Task objective:
For each entry, restate it word for word while omitting any image it holds.

Start of Data to use

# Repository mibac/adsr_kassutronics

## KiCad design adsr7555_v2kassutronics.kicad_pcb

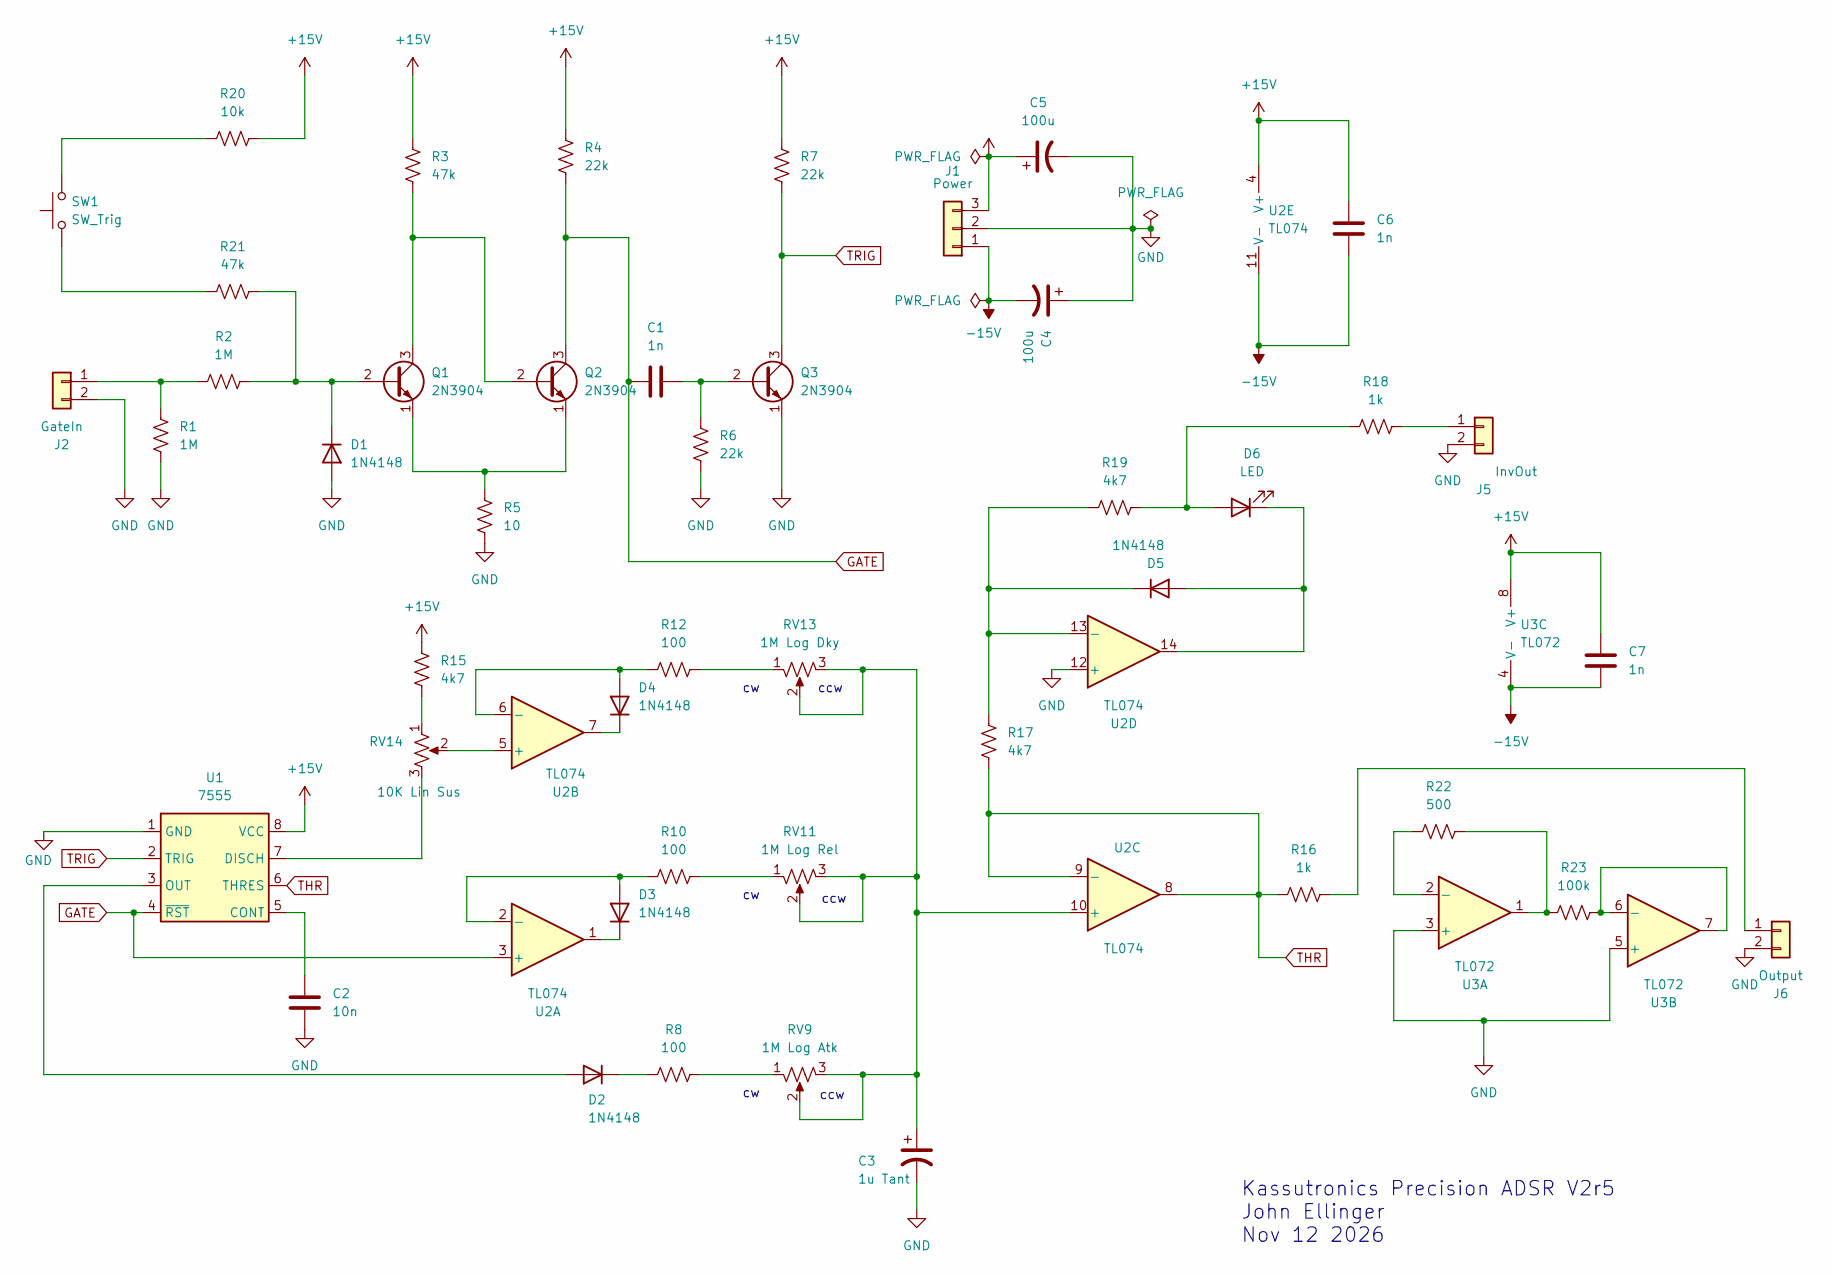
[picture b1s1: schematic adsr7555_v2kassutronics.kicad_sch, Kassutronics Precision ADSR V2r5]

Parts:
C1, C6, C7: 1n; C_Disc_D4.7mm_W2.5mm_P5.00mm
C2: 10n; C_Disc_D4.7mm_W2.5mm_P5.00mm
C3: 1u Tant; CP_Radial_D5.0mm_P2.50mm
C4, C5: 100u; CP_Radial_D5.0mm_P2.50mm
D1, D2, D3, D5: 1N4148; D_DO-35_SOD27_P7.62mm_Horizontal
D4: 1N4148; D_DO-34_SOD68_P2.54mm_Vertical_AnodeUp
D6: LED; Molex_KK-254_AE-6410-02A_1x02_P2.54mm_Vertical
J1: Power; Molex_KK-254_AE-6410-03A_1x03_P2.54mm_Vertical
J2: GateIn; Molex_KK-254_AE-6410-02A_1x02_P2.54mm_Vertical
J5: InvOut; Molex_KK-254_AE-6410-02A_1x02_P2.54mm_Vertical
J6: Output; Molex_KK-254_AE-6410-02A_1x02_P2.54mm_Vertical
Q1, Q2, Q3: 2N3904; TO-92L_Inline_Wide
R1, R2: 1M; R_Axial_DIN0204_L3.6mm_D1.6mm_P7.62mm_Horizontal
R3, R21: 47k; R_Axial_DIN0204_L3.6mm_D1.6mm_P7.62mm_Horizontal
R4, R6, R7: 22k; R_Axial_DIN0204_L3.6mm_D1.6mm_P7.62mm_Horizontal
R5: 10; R_Axial_DIN0204_L3.6mm_D1.6mm_P7.62mm_Horizontal
R8, R10, R12: 100; R_Axial_DIN0204_L3.6mm_D1.6mm_P7.62mm_Horizontal
R15, R17, R19: 4k7; R_Axial_DIN0204_L3.6mm_D1.6mm_P7.62mm_Horizontal
R16, R18: 1k; R_Axial_DIN0204_L3.6mm_D1.6mm_P7.62mm_Horizontal
R20: 10k; R_Axial_DIN0204_L3.6mm_D1.6mm_P7.62mm_Horizontal
R22: 500; R_Axial_DIN0204_L3.6mm_D1.6mm_P7.62mm_Horizontal
R23: 100k; R_Axial_DIN0204_L3.6mm_D1.6mm_P7.62mm_Horizontal
RV9: 1M Log Atk; Molex_KK-254_AE-6410-03A_1x03_P2.54mm_Vertical
RV11: 1M Log Rel; Molex_KK-254_AE-6410-03A_1x03_P2.54mm_Vertical
RV13: 1M Log Dky; Molex_KK-254_AE-6410-03A_1x03_P2.54mm_Vertical
RV14: 10K Lin Sus; Molex_KK-254_AE-6410-03A_1x03_P2.54mm_Vertical
SW1: SW_Trig; Molex_KK-254_AE-6410-02A_1x02_P2.54mm_Vertical
U1: 7555; DIP-8_W7.62mm
U2: TL074; DIP-14_W7.62mm_Socket
U3: TL072; DIP-8_W7.62mm

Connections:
+15V: C5.1, C6.2, C7.2, J1.3, R3.2, R4.2, R7.2, R15.2, R20.2, U1.8 (VCC), U2.4 (V+), U3.8 (V+)
-15V: C4.2, C6.1, C7.1, J1.1, U2.11 (V-), U3.4 (V-)
GATE: C1.1, Q2.3 (C), R4.1, U1.4 (~RST), U2.3 (+)
GND: C2.2, C3.2, C4.1, C5.2, D1.2 (A), J1.2, J2.2, J5.2, J6.2, Q3.1 (E), R1.1, R5.1, R6.1, U1.1 (GND), U2.12 (+), U3.3 (+), U3.5 (+)
unnamed: D1.1 (K), Q1.2 (B), R2.2, R21.2
unnamed: D2.2 (A), U1.3 (OUT)
unnamed: D2.1 (K), R8.1
unnamed: D3.2 (A), R10.1, U2.2 (-)
unnamed: D3.1 (K), U2.1
unnamed: D4.2 (A), R12.1, U2.6 (-)
unnamed: D4.1 (K), U2.7
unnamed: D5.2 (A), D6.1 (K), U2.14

End of Data to use

Response:
# Repository mibac/adsr_kassutronics

## KiCad design adsr7555_v2kassutronics.kicad_pcb

[picture b1s1: schematic adsr7555_v2kassutronics.kicad_sch, Kassutronics Precision ADSR V2r5]

Parts:
C1, C6, C7: 1n; C_Disc_D4.7mm_W2.5mm_P5.00mm
C2: 10n; C_Disc_D4.7mm_W2.5mm_P5.00mm
C3: 1u Tant; CP_Radial_D5.0mm_P2.50mm
C4, C5: 100u; CP_Radial_D5.0mm_P2.50mm
D1, D2, D3, D5: 1N4148; D_DO-35_SOD27_P7.62mm_Horizontal
D4: 1N4148; D_DO-34_SOD68_P2.54mm_Vertical_AnodeUp
D6: LED; Molex_KK-254_AE-6410-02A_1x02_P2.54mm_Vertical
J1: Power; Molex_KK-254_AE-6410-03A_1x03_P2.54mm_Vertical
J2: GateIn; Molex_KK-254_AE-6410-02A_1x02_P2.54mm_Vertical
J5: InvOut; Molex_KK-254_AE-6410-02A_1x02_P2.54mm_Vertical
J6: Output; Molex_KK-254_AE-6410-02A_1x02_P2.54mm_Vertical
Q1, Q2, Q3: 2N3904; TO-92L_Inline_Wide
R1, R2: 1M; R_Axial_DIN0204_L3.6mm_D1.6mm_P7.62mm_Horizontal
R3, R21: 47k; R_Axial_DIN0204_L3.6mm_D1.6mm_P7.62mm_Horizontal
R4, R6, R7: 22k; R_Axial_DIN0204_L3.6mm_D1.6mm_P7.62mm_Horizontal
R5: 10; R_Axial_DIN0204_L3.6mm_D1.6mm_P7.62mm_Horizontal
R8, R10, R12: 100; R_Axial_DIN0204_L3.6mm_D1.6mm_P7.62mm_Horizontal
R15, R17, R19: 4k7; R_Axial_DIN0204_L3.6mm_D1.6mm_P7.62mm_Horizontal
R16, R18: 1k; R_Axial_DIN0204_L3.6mm_D1.6mm_P7.62mm_Horizontal
R20: 10k; R_Axial_DIN0204_L3.6mm_D1.6mm_P7.62mm_Horizontal
R22: 500; R_Axial_DIN0204_L3.6mm_D1.6mm_P7.62mm_Horizontal
R23: 100k; R_Axial_DIN0204_L3.6mm_D1.6mm_P7.62mm_Horizontal
RV9: 1M Log Atk; Molex_KK-254_AE-6410-03A_1x03_P2.54mm_Vertical
RV11: 1M Log Rel; Molex_KK-254_AE-6410-03A_1x03_P2.54mm_Vertical
RV13: 1M Log Dky; Molex_KK-254_AE-6410-03A_1x03_P2.54mm_Vertical
RV14: 10K Lin Sus; Molex_KK-254_AE-6410-03A_1x03_P2.54mm_Vertical
SW1: SW_Trig; Molex_KK-254_AE-6410-02A_1x02_P2.54mm_Vertical
U1: 7555; DIP-8_W7.62mm
U2: TL074; DIP-14_W7.62mm_Socket
U3: TL072; DIP-8_W7.62mm

Connections:
+15V: C5.1, C6.2, C7.2, J1.3, R3.2, R4.2, R7.2, R15.2, R20.2, U1.8 (VCC), U2.4 (V+), U3.8 (V+)
-15V: C4.2, C6.1, C7.1, J1.1, U2.11 (V-), U3.4 (V-)
GATE: C1.1, Q2.3 (C), R4.1, U1.4 (~RST), U2.3 (+)
GND: C2.2, C3.2, C4.1, C5.2, D1.2 (A), J1.2, J2.2, J5.2, J6.2, Q3.1 (E), R1.1, R5.1, R6.1, U1.1 (GND), U2.12 (+), U3.3 (+), U3.5 (+)
unnamed: D1.1 (K), Q1.2 (B), R2.2, R21.2
unnamed: D2.2 (A), U1.3 (OUT)
unnamed: D2.1 (K), R8.1
unnamed: D3.2 (A), R10.1, U2.2 (-)
unnamed: D3.1 (K), U2.1
unnamed: D4.2 (A), R12.1, U2.6 (-)
unnamed: D4.1 (K), U2.7
unnamed: D5.2 (A), D6.1 (K), U2.14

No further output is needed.